Given the material below, output exactly the lines from the line with "#132=EDGE_CURVE('E440',#100,#131,#129,.T.);" to the line with "#150=FACE_BOUND('',#149,.T.);", both ends included, and no other lines.
Data shown Block Start
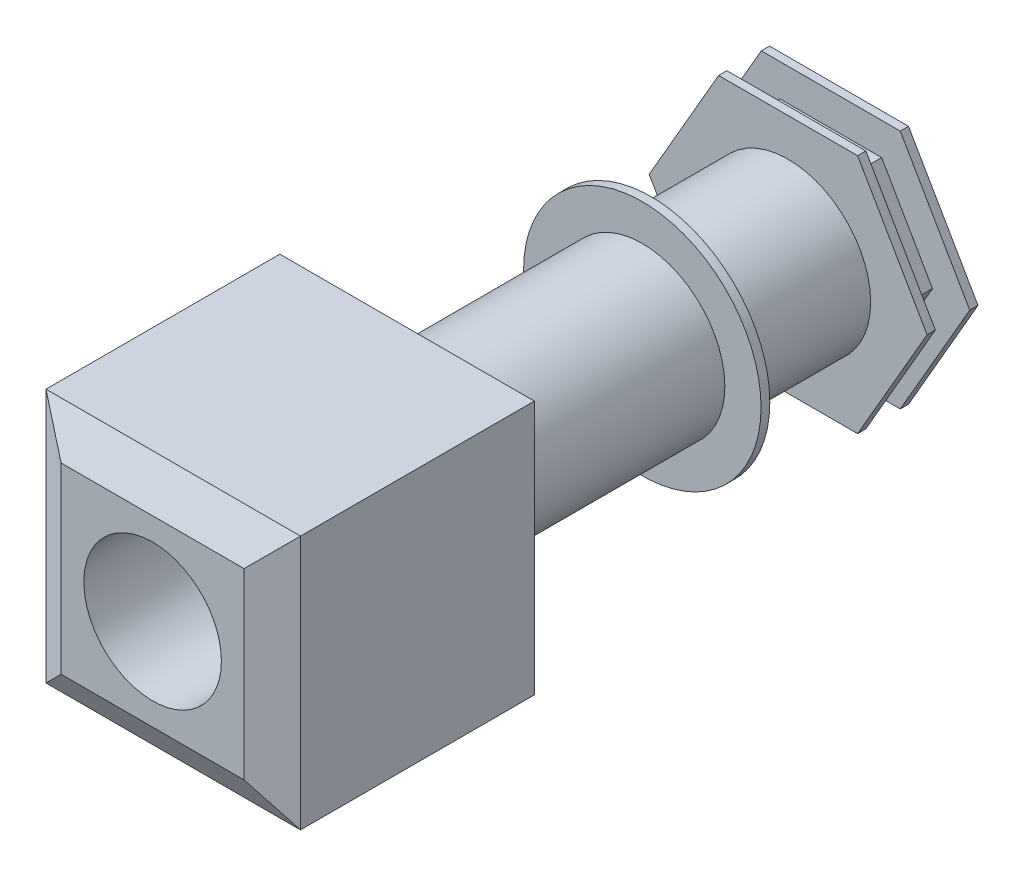
ISO-10303-21;
HEADER;
FILE_DESCRIPTION(('STEP AP214'),'2;1');
FILE_NAME('part.step','',(''),(''),'','','');
FILE_SCHEMA(('AUTOMOTIVE_DESIGN { 1 0 10303 214 1 1 1 1 }'));
ENDSEC;
DATA;
#1=APPLICATION_CONTEXT('core data for automotive mechanical design processes');
#2=APPLICATION_PROTOCOL_DEFINITION('international standard','automotive_design',2000,#1);
#3=PRODUCT_CONTEXT('',#1,'mechanical');
#4=PRODUCT('Part','Part','',(#3));
#5=PRODUCT_RELATED_PRODUCT_CATEGORY('part','',(#4));
#6=PRODUCT_DEFINITION_FORMATION('','',#4);
#7=PRODUCT_DEFINITION_CONTEXT('part definition',#1,'design');
#8=PRODUCT_DEFINITION('design','',#6,#7);
#9=PRODUCT_DEFINITION_SHAPE('','',#8);
#10=(LENGTH_UNIT() NAMED_UNIT(*) SI_UNIT(.MILLI.,.METRE.));
#11=(NAMED_UNIT(*) PLANE_ANGLE_UNIT() SI_UNIT($,.RADIAN.));
#12=(NAMED_UNIT(*) SI_UNIT($,.STERADIAN.) SOLID_ANGLE_UNIT());
#13=UNCERTAINTY_MEASURE_WITH_UNIT(LENGTH_MEASURE(1.E-05),#10,'distance_accuracy_value','');
#14=(GEOMETRIC_REPRESENTATION_CONTEXT(3) GLOBAL_UNCERTAINTY_ASSIGNED_CONTEXT((#13)) GLOBAL_UNIT_ASSIGNED_CONTEXT((#10,
#11,#12)) REPRESENTATION_CONTEXT('',''));
#15=CARTESIAN_POINT('',(0.,0.,0.));
#16=DIRECTION('',(0.,0.,1.));
#17=DIRECTION('',(1.,0.,0.));
#18=AXIS2_PLACEMENT_3D('',#15,#16,#17);
#19=CARTESIAN_POINT('',(101.036297108185,-175.,12.));
#20=DIRECTION('',(-0.866025403784439,0.5,0.));
#21=DIRECTION('',(-0.5,-0.866025403784439,0.));
#22=AXIS2_PLACEMENT_3D('',#19,#20,#21);
#23=PLANE('',#22);
#24=DIRECTION('',(0.5,0.866025403784439,0.));
#25=VECTOR('',#24,1.);
#26=CARTESIAN_POINT('',(101.036297108185,-175.,0.));
#27=LINE('',#26,#25);
#28=CARTESIAN_POINT('',(101.036297108185,-175.,0.));
#29=VERTEX_POINT('',#28);
#30=CARTESIAN_POINT('',(202.072594216369,0.,0.));
#31=VERTEX_POINT('',#30);
#32=EDGE_CURVE('E409',#29,#31,#27,.T.);
#33=ORIENTED_EDGE('',*,*,#32,.T.);
#34=DIRECTION('',(0.,0.,-1.));
#35=VECTOR('',#34,1.);
#36=CARTESIAN_POINT('',(202.072594216369,0.,12.));
#37=LINE('',#36,#35);
#38=CARTESIAN_POINT('',(202.072594216369,0.,12.));
#39=VERTEX_POINT('',#38);
#40=EDGE_CURVE('E275',#39,#31,#37,.T.);
#41=ORIENTED_EDGE('',*,*,#40,.F.);
#42=DIRECTION('',(0.5,0.866025403784439,0.));
#43=VECTOR('',#42,1.);
#44=CARTESIAN_POINT('',(101.036297108185,-175.,12.));
#45=LINE('',#44,#43);
#46=CARTESIAN_POINT('',(101.036297108185,-175.,12.));
#47=VERTEX_POINT('',#46);
#48=EDGE_CURVE('E410',#47,#39,#45,.T.);
#49=ORIENTED_EDGE('',*,*,#48,.F.);
#50=DIRECTION('',(0.,0.,-1.));
#51=VECTOR('',#50,1.);
#52=CARTESIAN_POINT('',(101.036297108185,-175.,12.));
#53=LINE('',#52,#51);
#54=EDGE_CURVE('E430',#47,#29,#53,.T.);
#55=ORIENTED_EDGE('',*,*,#54,.T.);
#56=EDGE_LOOP('',(#33,#41,#49,#55));
#57=FACE_BOUND('',#56,.T.);
#58=ADVANCED_FACE('F41',(#57),#23,.F.);
#59=CARTESIAN_POINT('',(202.072594216369,0.,12.));
#60=DIRECTION('',(-0.866025403784439,-0.5,0.));
#61=DIRECTION('',(0.5,-0.866025403784439,0.));
#62=AXIS2_PLACEMENT_3D('',#59,#60,#61);
#63=PLANE('',#62);
#64=DIRECTION('',(-0.5,0.866025403784439,0.));
#65=VECTOR('',#64,1.);
#66=CARTESIAN_POINT('',(202.072594216369,0.,0.));
#67=LINE('',#66,#65);
#68=CARTESIAN_POINT('',(101.036297108185,175.,0.));
#69=VERTEX_POINT('',#68);
#70=EDGE_CURVE('E434',#31,#69,#67,.T.);
#71=ORIENTED_EDGE('',*,*,#70,.T.);
#72=DIRECTION('',(0.,0.,-1.));
#73=VECTOR('',#72,1.);
#74=CARTESIAN_POINT('',(101.036297108185,175.,12.));
#75=LINE('',#74,#73);
#76=CARTESIAN_POINT('',(101.036297108185,175.,12.));
#77=VERTEX_POINT('',#76);
#78=EDGE_CURVE('E463',#77,#69,#75,.T.);
#79=ORIENTED_EDGE('',*,*,#78,.F.);
#80=DIRECTION('',(-0.5,0.866025403784439,0.));
#81=VECTOR('',#80,1.);
#82=CARTESIAN_POINT('',(202.072594216369,0.,12.));
#83=LINE('',#82,#81);
#84=EDGE_CURVE('E414',#39,#77,#83,.T.);
#85=ORIENTED_EDGE('',*,*,#84,.F.);
#86=ORIENTED_EDGE('',*,*,#40,.T.);
#87=EDGE_LOOP('',(#71,#79,#85,#86));
#88=FACE_BOUND('',#87,.T.);
#89=ADVANCED_FACE('F540',(#88),#63,.F.);
#90=CARTESIAN_POINT('',(101.036297108185,175.,12.));
#91=DIRECTION('',(0.,-1.,0.));
#92=DIRECTION('',(1.,0.,0.));
#93=AXIS2_PLACEMENT_3D('',#90,#91,#92);
#94=PLANE('',#93);
#95=DIRECTION('',(-1.,0.,0.));
#96=VECTOR('',#95,1.);
#97=CARTESIAN_POINT('',(101.036297108185,175.,0.));
#98=LINE('',#97,#96);
#99=CARTESIAN_POINT('',(-101.036297108185,175.,0.));
#100=VERTEX_POINT('',#99);
#101=EDGE_CURVE('E437',#69,#100,#98,.T.);
#102=ORIENTED_EDGE('',*,*,#101,.T.);
#103=DIRECTION('',(0.,0.,-1.));
#104=VECTOR('',#103,1.);
#105=CARTESIAN_POINT('',(-101.036297108185,175.,12.));
#106=LINE('',#105,#104);
#107=CARTESIAN_POINT('',(-101.036297108185,175.,12.));
#108=VERTEX_POINT('',#107);
#109=EDGE_CURVE('E459',#108,#100,#106,.T.);
#110=ORIENTED_EDGE('',*,*,#109,.F.);
#111=DIRECTION('',(-1.,0.,0.));
#112=VECTOR('',#111,1.);
#113=CARTESIAN_POINT('',(101.036297108185,175.,12.));
#114=LINE('',#113,#112);
#115=EDGE_CURVE('E418',#77,#108,#114,.T.);
#116=ORIENTED_EDGE('',*,*,#115,.F.);
#117=ORIENTED_EDGE('',*,*,#78,.T.);
#118=EDGE_LOOP('',(#102,#110,#116,#117));
#119=FACE_BOUND('',#118,.T.);
#120=ADVANCED_FACE('F546',(#119),#94,.F.);
#121=CARTESIAN_POINT('',(-101.036297108185,175.,12.));
#122=DIRECTION('',(0.866025403784439,-0.5,0.));
#123=DIRECTION('',(0.5,0.866025403784439,0.));
#124=AXIS2_PLACEMENT_3D('',#121,#122,#123);
#125=PLANE('',#124);
#126=DIRECTION('',(-0.5,-0.866025403784439,0.));
#127=VECTOR('',#126,1.);
#128=CARTESIAN_POINT('',(-101.036297108185,175.,0.));
#129=LINE('',#128,#127);
#130=CARTESIAN_POINT('',(-202.072594216369,0.,0.));
#131=VERTEX_POINT('',#130);
#132=EDGE_CURVE('E440',#100,#131,#129,.T.);
#133=ORIENTED_EDGE('',*,*,#132,.T.);
#134=DIRECTION('',(0.,0.,-1.));
#135=VECTOR('',#134,1.);
#136=CARTESIAN_POINT('',(-202.072594216369,0.,12.));
#137=LINE('',#136,#135);
#138=CARTESIAN_POINT('',(-202.072594216369,0.,12.));
#139=VERTEX_POINT('',#138);
#140=EDGE_CURVE('E455',#139,#131,#137,.T.);
#141=ORIENTED_EDGE('',*,*,#140,.F.);
#142=DIRECTION('',(-0.5,-0.866025403784439,0.));
#143=VECTOR('',#142,1.);
#144=CARTESIAN_POINT('',(-101.036297108185,175.,12.));
#145=LINE('',#144,#143);
#146=EDGE_CURVE('E421',#108,#139,#145,.T.);
#147=ORIENTED_EDGE('',*,*,#146,.F.);
#148=ORIENTED_EDGE('',*,*,#109,.T.);
#149=EDGE_LOOP('',(#133,#141,#147,#148));
#150=FACE_BOUND('',#149,.T.);
#151=ADVANCED_FACE('F700',(#150),#125,.F.);
#152=CARTESIAN_POINT('',(-202.072594216369,0.,12.));
#153=DIRECTION('',(0.866025403784439,0.5,0.));
#154=DIRECTION('',(-0.5,0.866025403784439,0.));
#155=AXIS2_PLACEMENT_3D('',#152,#153,#154);
#156=PLANE('',#155);
#157=DIRECTION('',(0.5,-0.866025403784439,0.));
#158=VECTOR('',#157,1.);
#159=CARTESIAN_POINT('',(-202.072594216369,0.,0.));
#160=LINE('',#159,#158);
#161=CARTESIAN_POINT('',(-101.036297108185,-175.,0.));
#162=VERTEX_POINT('',#161);
#163=EDGE_CURVE('E443',#131,#162,#160,.T.);
#164=ORIENTED_EDGE('',*,*,#163,.T.);
#165=DIRECTION('',(0.,0.,-1.));
#166=VECTOR('',#165,1.);
#167=CARTESIAN_POINT('',(-101.036297108185,-175.,12.));
#168=LINE('',#167,#166);
#169=CARTESIAN_POINT('',(-101.036297108185,-175.,12.));
#170=VERTEX_POINT('',#169);
#171=EDGE_CURVE('E451',#170,#162,#168,.T.);
#172=ORIENTED_EDGE('',*,*,#171,.F.);
#173=DIRECTION('',(0.5,-0.866025403784439,0.));
#174=VECTOR('',#173,1.);
#175=CARTESIAN_POINT('',(-202.072594216369,0.,12.));
#176=LINE('',#175,#174);
#177=EDGE_CURVE('E424',#139,#170,#176,.T.);
#178=ORIENTED_EDGE('',*,*,#177,.F.);
#179=ORIENTED_EDGE('',*,*,#140,.T.);
#180=EDGE_LOOP('',(#164,#172,#178,#179));
#181=FACE_BOUND('',#180,.T.);
#182=ADVANCED_FACE('F696',(#181),#156,.F.);
#183=CARTESIAN_POINT('',(-101.036297108185,-175.,12.));
#184=DIRECTION('',(0.,1.,0.));
#185=DIRECTION('',(0.,0.,1.));
#186=AXIS2_PLACEMENT_3D('',#183,#184,#185);
#187=PLANE('',#186);
#188=DIRECTION('',(1.,0.,0.));
#189=VECTOR('',#188,1.);
#190=CARTESIAN_POINT('',(-101.036297108185,-175.,0.));
#191=LINE('',#190,#189);
#192=EDGE_CURVE('E415',#162,#29,#191,.T.);
#193=ORIENTED_EDGE('',*,*,#192,.T.);
#194=ORIENTED_EDGE('',*,*,#54,.F.);
#195=DIRECTION('',(1.,0.,0.));
#196=VECTOR('',#195,1.);
#197=CARTESIAN_POINT('',(-101.036297108185,-175.,12.));
#198=LINE('',#197,#196);
#199=EDGE_CURVE('E427',#170,#47,#198,.T.);
#200=ORIENTED_EDGE('',*,*,#199,.F.);
#201=ORIENTED_EDGE('',*,*,#171,.T.);
#202=EDGE_LOOP('',(#193,#194,#200,#201));
#203=FACE_BOUND('',#202,.T.);
#204=ADVANCED_FACE('F689',(#203),#187,.F.);
#205=CARTESIAN_POINT('',(0.,0.,12.));
#206=DIRECTION('',(0.,0.,1.));
#207=DIRECTION('',(1.,0.,0.));
#208=AXIS2_PLACEMENT_3D('',#205,#206,#207);
#209=PLANE('',#208);
#210=DIRECTION('',(0.499999999999995,0.866025403784441,0.));
#211=VECTOR('',#210,1.);
#212=CARTESIAN_POINT('',(73.9437494106932,-128.074330881458,12.));
#213=LINE('',#212,#211);
#214=CARTESIAN_POINT('',(73.9437494106932,-128.074330881458,12.));
#215=VERTEX_POINT('',#214);
#216=CARTESIAN_POINT('',(147.887498821383,0.,12.));
#217=VERTEX_POINT('',#216);
#218=EDGE_CURVE('E337',#215,#217,#213,.T.);
#219=ORIENTED_EDGE('',*,*,#218,.F.);
#220=DIRECTION('',(1.,0.,0.));
#221=VECTOR('',#220,1.);
#222=CARTESIAN_POINT('',(-73.9437494106905,-128.07433088146,12.));
#223=LINE('',#222,#221);
#224=CARTESIAN_POINT('',(-73.9437494106905,-128.07433088146,12.));
#225=VERTEX_POINT('',#224);
#226=EDGE_CURVE('E343',#225,#215,#223,.T.);
#227=ORIENTED_EDGE('',*,*,#226,.F.);
#228=DIRECTION('',(0.500000000000007,-0.866025403784435,0.));
#229=VECTOR('',#228,1.);
#230=CARTESIAN_POINT('',(-147.887498821383,-1.03269288476609E-12,12.));
#231=LINE('',#230,#229);
#232=CARTESIAN_POINT('',(-147.887498821383,-1.03269288476609E-12,12.));
#233=VERTEX_POINT('',#232);
#234=EDGE_CURVE('E379',#233,#225,#231,.T.);
#235=ORIENTED_EDGE('',*,*,#234,.F.);
#236=DIRECTION('',(-0.499999999999995,-0.866025403784442,0.));
#237=VECTOR('',#236,1.);
#238=CARTESIAN_POINT('',(-73.9437494106923,128.074330881459,12.));
#239=LINE('',#238,#237);
#240=CARTESIAN_POINT('',(-73.9437494106923,128.074330881459,12.));
#241=VERTEX_POINT('',#240);
#242=EDGE_CURVE('E375',#241,#233,#239,.T.);
#243=ORIENTED_EDGE('',*,*,#242,.F.);
#244=DIRECTION('',(-1.,0.,0.));
#245=VECTOR('',#244,1.);
#246=CARTESIAN_POINT('',(73.9437494106914,128.074330881459,12.));
#247=LINE('',#246,#245);
#248=CARTESIAN_POINT('',(73.9437494106914,128.074330881459,12.));
#249=VERTEX_POINT('',#248);
#250=EDGE_CURVE('E371',#249,#241,#247,.T.);
#251=ORIENTED_EDGE('',*,*,#250,.F.);
#252=DIRECTION('',(-0.500000000000001,0.866025403784438,0.));
#253=VECTOR('',#252,1.);
#254=CARTESIAN_POINT('',(147.887498821383,0.,12.));
#255=LINE('',#254,#253);
#256=EDGE_CURVE('E367',#217,#249,#255,.T.);
#257=ORIENTED_EDGE('',*,*,#256,.F.);
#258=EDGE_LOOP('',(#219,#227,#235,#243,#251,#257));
Data shown Block End
◆ **Response to this exercise**:
#132=EDGE_CURVE('E440',#100,#131,#129,.T.);
#133=ORIENTED_EDGE('',*,*,#132,.T.);
#134=DIRECTION('',(0.,0.,-1.));
#135=VECTOR('',#134,1.);
#136=CARTESIAN_POINT('',(-202.072594216369,0.,12.));
#137=LINE('',#136,#135);
#138=CARTESIAN_POINT('',(-202.072594216369,0.,12.));
#139=VERTEX_POINT('',#138);
#140=EDGE_CURVE('E455',#139,#131,#137,.T.);
#141=ORIENTED_EDGE('',*,*,#140,.F.);
#142=DIRECTION('',(-0.5,-0.866025403784439,0.));
#143=VECTOR('',#142,1.);
#144=CARTESIAN_POINT('',(-101.036297108185,175.,12.));
#145=LINE('',#144,#143);
#146=EDGE_CURVE('E421',#108,#139,#145,.T.);
#147=ORIENTED_EDGE('',*,*,#146,.F.);
#148=ORIENTED_EDGE('',*,*,#109,.T.);
#149=EDGE_LOOP('',(#133,#141,#147,#148));
#150=FACE_BOUND('',#149,.T.);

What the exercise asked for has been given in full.